Open the file we just created:
sudo nano /etc/netplan/static.yaml
Paste or set the following (be sure to set the ethernets adaptor and IP address to align with your needs):
network:
version: 2
renderer: networkd
ethernets:
ens18:
addresses:
- 192.168.1.100/24
gateway4: 192.168.1.1
nameservers:
addresses: [8.8.8.8, 8.8.4.4]
Once you’ve copied the info, make sure to:
<ctrl+x>
y
<enter>
Now set the apply your new configuration:
sudo netplan apply
hosts
Update the hosts file so you can align IP addresses with hostnames:
sudo nano /etc/hosts
Add a line for each machine of interest:
192.168.1.100 ubuntu100
installing packages
You can use some basic commands to install default packages. For example, you can install curl:
sudo apt install curl
wget
Download a file, using the url with wget
:
wget https://dlcdn.apache.org/spark/spark-3.5.1/spark-3.5.1-bin-hadoop3.tgz
unpack a zipped file
tar xvf spark-3.5.1-bin-hadoop3.tgz
move files
You can move that file and rename it at the same time. In this example, we’re renaming “spark-3.5.1-bin-hadoop3” as “spark” and putting it in a new location.
sudo mv spark-3.5.1-bin-hadoop3 /opt/spark
bashrc
Use bashrc with enviromental variables for easy access to files. For example, want access to the contents of that spark folder?
sudo nano ~/.bashrc
Create a variable and point it to the folder we just created. Next, add that variable to our path. Add these two lines to the bashrc file, then save and close.

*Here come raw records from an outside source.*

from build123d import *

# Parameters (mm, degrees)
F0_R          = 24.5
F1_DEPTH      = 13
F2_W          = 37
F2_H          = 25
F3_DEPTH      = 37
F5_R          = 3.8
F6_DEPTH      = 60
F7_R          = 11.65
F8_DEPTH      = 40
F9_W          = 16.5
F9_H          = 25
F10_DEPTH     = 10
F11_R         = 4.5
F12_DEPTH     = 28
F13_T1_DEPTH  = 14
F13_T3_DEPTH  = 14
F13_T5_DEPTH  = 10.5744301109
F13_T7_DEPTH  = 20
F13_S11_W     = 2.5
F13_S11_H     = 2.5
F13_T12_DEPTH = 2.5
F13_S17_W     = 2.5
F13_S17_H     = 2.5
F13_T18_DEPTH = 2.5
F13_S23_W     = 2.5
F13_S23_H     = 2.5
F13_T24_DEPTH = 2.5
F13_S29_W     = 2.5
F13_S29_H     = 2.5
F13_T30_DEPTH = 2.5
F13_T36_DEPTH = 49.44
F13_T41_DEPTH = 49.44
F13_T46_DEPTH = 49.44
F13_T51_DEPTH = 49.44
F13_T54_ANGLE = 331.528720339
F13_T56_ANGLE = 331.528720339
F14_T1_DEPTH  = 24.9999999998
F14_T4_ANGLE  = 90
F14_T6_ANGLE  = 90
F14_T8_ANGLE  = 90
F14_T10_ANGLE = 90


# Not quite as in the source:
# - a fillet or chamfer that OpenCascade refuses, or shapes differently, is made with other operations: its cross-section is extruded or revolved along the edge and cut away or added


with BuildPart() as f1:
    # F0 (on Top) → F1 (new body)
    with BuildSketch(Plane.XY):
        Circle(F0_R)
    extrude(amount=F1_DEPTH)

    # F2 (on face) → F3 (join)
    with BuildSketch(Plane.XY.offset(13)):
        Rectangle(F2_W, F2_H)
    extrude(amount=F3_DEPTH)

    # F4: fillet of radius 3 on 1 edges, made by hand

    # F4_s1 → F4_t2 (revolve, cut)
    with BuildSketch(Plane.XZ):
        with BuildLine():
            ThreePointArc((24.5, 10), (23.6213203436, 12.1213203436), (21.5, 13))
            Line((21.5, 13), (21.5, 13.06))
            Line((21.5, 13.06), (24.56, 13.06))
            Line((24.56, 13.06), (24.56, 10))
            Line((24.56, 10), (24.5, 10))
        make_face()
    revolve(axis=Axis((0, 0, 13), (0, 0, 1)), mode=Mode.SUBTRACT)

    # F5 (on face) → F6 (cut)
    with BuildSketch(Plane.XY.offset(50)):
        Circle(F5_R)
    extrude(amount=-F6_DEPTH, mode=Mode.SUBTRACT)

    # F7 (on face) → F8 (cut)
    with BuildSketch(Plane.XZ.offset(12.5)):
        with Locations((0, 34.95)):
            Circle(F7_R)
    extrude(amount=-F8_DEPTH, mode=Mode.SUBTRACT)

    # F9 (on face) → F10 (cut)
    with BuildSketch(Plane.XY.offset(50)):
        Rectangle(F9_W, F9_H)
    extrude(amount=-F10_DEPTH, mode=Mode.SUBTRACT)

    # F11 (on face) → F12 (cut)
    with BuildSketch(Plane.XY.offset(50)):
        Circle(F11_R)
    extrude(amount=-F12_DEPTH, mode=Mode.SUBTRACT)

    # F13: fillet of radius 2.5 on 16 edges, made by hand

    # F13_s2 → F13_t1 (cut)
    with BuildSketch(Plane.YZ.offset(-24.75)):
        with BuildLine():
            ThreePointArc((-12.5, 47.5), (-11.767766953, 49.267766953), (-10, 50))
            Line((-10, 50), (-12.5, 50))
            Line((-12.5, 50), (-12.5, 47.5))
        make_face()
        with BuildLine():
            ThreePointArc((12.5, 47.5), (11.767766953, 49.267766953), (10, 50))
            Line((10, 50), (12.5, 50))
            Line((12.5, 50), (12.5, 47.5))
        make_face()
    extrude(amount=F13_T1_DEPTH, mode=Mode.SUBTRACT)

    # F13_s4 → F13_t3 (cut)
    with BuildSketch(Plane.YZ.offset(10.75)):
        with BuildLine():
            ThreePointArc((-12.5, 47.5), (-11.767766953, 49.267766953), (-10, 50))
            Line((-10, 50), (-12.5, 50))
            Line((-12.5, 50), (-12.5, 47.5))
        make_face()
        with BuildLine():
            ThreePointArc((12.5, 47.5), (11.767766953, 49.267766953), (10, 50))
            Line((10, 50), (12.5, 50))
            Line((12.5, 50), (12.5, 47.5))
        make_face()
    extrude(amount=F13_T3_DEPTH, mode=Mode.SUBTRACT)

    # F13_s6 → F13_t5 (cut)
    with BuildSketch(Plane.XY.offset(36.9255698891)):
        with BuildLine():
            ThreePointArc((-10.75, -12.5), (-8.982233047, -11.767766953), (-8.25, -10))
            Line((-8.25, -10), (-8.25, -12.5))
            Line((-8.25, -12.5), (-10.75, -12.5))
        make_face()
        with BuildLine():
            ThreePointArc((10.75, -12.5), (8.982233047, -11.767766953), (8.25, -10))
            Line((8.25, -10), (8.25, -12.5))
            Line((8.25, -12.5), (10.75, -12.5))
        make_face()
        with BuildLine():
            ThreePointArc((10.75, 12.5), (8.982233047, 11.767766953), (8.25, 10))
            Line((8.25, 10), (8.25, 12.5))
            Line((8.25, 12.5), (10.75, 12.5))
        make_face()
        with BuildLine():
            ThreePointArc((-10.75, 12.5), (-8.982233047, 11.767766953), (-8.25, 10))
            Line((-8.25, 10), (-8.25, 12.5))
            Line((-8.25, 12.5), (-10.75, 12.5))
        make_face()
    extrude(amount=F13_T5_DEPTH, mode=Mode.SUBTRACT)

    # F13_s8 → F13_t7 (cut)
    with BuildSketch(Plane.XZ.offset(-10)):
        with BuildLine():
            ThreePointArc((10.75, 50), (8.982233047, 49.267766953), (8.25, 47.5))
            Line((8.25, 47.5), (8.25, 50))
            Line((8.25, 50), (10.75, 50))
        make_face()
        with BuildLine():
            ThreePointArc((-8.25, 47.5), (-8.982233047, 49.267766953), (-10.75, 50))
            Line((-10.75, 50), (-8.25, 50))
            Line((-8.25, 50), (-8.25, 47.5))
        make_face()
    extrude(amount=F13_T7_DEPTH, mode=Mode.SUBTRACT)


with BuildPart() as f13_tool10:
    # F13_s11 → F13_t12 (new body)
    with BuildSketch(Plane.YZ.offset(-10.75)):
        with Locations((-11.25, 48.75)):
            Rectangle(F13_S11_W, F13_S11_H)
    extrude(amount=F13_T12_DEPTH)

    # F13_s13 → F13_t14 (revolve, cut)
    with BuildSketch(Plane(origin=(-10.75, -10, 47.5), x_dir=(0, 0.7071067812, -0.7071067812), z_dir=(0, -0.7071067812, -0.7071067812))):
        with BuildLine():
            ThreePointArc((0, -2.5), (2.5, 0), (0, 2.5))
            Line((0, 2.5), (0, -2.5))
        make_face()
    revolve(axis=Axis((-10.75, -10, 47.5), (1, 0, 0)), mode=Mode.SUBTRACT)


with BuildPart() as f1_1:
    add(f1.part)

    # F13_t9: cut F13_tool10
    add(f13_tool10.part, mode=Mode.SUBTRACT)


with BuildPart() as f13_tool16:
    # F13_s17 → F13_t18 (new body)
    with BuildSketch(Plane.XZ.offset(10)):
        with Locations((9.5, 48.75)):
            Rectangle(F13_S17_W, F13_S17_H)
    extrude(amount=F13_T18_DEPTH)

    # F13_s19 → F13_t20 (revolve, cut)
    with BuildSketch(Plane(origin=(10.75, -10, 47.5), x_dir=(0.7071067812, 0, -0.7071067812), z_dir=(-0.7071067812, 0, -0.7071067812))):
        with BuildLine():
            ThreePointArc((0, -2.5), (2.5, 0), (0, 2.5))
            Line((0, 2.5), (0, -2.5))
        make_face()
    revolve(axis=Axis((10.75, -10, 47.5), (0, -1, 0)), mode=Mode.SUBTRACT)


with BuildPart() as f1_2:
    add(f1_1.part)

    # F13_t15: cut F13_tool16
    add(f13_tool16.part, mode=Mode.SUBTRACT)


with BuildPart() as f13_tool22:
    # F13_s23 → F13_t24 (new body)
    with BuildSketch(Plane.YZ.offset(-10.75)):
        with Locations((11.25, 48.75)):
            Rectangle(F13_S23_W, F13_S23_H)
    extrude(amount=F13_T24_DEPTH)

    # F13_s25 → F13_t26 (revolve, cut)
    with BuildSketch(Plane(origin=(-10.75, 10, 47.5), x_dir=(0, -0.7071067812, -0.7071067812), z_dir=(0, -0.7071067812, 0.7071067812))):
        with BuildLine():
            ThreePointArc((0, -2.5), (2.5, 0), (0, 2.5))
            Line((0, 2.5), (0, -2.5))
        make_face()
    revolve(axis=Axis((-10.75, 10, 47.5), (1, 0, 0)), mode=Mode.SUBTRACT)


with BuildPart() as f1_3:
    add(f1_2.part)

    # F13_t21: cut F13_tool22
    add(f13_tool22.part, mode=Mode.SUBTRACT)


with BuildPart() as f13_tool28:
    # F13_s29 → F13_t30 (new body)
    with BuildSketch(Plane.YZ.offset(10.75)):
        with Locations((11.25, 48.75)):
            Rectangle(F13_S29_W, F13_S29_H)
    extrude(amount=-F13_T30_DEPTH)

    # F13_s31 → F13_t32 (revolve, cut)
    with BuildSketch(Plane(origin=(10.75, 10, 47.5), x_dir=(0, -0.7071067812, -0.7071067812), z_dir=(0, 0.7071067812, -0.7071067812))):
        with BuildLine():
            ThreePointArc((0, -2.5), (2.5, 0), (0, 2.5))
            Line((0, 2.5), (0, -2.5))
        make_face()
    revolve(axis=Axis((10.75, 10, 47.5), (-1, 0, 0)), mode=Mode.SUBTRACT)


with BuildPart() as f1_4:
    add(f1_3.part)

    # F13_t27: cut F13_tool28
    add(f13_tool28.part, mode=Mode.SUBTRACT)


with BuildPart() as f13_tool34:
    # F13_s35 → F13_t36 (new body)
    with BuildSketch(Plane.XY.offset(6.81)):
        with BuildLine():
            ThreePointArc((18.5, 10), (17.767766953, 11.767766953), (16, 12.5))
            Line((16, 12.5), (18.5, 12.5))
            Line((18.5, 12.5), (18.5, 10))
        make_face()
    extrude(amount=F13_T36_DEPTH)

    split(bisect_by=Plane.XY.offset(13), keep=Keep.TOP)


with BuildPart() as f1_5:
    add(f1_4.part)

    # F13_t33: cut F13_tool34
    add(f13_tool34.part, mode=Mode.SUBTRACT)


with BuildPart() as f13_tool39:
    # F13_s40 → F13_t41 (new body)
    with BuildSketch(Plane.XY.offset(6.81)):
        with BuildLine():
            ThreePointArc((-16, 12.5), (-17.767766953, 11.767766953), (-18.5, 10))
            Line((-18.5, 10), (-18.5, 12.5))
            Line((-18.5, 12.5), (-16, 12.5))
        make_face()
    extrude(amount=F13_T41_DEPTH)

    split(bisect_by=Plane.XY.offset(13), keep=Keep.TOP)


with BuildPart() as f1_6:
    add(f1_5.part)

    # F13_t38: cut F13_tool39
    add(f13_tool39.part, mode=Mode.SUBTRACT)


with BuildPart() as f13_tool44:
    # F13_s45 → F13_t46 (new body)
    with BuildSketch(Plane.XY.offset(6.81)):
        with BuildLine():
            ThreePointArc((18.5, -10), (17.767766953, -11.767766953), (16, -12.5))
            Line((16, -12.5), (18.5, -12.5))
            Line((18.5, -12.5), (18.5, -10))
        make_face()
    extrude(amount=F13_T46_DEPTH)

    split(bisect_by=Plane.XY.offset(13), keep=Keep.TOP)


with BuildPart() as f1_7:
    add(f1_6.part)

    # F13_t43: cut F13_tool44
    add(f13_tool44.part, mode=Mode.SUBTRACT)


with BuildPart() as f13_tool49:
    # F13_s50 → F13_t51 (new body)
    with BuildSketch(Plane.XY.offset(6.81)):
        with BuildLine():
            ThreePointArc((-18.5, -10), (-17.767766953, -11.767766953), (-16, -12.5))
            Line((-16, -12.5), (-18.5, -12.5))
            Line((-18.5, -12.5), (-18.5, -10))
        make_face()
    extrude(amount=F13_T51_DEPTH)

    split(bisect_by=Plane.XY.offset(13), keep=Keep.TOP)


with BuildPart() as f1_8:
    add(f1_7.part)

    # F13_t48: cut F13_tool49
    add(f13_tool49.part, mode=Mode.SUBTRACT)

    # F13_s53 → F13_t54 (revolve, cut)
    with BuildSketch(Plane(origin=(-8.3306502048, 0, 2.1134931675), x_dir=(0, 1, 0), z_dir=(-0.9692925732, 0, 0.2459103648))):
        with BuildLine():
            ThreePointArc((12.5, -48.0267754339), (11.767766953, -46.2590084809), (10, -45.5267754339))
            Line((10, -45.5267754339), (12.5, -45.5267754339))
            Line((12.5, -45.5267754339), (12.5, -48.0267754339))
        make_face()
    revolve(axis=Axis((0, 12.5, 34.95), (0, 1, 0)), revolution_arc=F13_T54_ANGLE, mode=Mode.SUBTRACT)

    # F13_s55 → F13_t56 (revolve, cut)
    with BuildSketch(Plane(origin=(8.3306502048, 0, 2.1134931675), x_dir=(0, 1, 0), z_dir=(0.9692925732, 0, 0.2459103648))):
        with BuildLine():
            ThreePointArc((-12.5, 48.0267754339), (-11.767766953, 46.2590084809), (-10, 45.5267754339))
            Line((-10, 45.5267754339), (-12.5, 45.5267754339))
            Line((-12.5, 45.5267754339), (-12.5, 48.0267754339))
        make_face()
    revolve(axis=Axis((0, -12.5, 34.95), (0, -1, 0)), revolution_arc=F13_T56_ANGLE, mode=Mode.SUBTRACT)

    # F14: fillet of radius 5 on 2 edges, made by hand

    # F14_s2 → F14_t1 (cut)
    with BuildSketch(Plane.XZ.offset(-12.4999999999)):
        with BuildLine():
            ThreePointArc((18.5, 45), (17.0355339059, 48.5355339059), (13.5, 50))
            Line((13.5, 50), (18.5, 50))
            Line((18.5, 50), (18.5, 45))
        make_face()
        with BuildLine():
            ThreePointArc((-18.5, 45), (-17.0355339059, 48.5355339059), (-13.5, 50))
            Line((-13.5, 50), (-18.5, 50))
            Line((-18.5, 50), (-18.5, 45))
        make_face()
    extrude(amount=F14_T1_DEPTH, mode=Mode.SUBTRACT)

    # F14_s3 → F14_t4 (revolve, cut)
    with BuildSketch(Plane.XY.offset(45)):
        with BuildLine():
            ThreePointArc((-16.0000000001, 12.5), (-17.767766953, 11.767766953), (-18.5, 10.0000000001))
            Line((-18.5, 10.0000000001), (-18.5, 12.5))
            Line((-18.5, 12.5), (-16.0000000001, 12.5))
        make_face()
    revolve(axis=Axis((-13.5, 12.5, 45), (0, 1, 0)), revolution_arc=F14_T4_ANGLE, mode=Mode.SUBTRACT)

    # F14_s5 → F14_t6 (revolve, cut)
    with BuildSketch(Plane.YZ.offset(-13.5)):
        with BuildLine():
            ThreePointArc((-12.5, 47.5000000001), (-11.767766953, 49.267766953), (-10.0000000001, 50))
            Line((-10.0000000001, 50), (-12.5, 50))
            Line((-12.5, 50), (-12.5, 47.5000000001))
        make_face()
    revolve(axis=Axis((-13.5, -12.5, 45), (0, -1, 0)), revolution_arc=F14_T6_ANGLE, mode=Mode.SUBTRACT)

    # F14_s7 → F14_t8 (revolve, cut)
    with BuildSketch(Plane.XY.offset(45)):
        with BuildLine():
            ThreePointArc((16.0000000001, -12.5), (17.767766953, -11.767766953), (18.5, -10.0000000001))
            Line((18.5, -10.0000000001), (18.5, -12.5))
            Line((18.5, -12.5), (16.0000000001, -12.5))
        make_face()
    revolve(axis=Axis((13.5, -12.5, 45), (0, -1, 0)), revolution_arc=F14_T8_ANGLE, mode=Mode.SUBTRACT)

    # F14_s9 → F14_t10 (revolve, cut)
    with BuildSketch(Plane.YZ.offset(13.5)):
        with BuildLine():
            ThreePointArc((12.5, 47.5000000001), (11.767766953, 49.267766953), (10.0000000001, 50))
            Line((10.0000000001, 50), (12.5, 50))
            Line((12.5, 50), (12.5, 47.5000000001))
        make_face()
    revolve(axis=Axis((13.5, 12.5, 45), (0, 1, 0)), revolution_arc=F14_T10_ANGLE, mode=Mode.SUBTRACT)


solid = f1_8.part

export SPARK_HOME=/opt/spark
export PATH=$PATH:$SPARK_HOME/bin:$SPARK_HOME/sbin
Apply the changes by running the following:
source ~/.bashrc
passwordless authentication
When we start working with multi-node clusters, we’ll need to allow our master nodes to execute tasks on the worker nodes.
On the master node, run the following line of code to create an ssh key:
ssh-keygen -t rsa -b 4096
Assumptions:
- One master node with the hostname of ‘masternode’
- One worker node with the hostname of ‘workernode’
- A user with the username of ‘username’
- The user has access to both the masternode and the workdernode
- Execute both commands from the masternode
- Yes, you are copying the command to both the master node and the worker nodes. This will allow future commands to be executed without entering a password.
- When initially copying the ssh keys, you’ll be prompted to the password of the machine you’re copying the files to.
Copy to the master node:
ssh-copy-id username@masternode
Copy to each worker node:
ssh-copy-id username@workernode
Once copied, you can test passwordless authentication by trying to ssh into each machine from the master node. If applied correctly, you should not have to enter a password.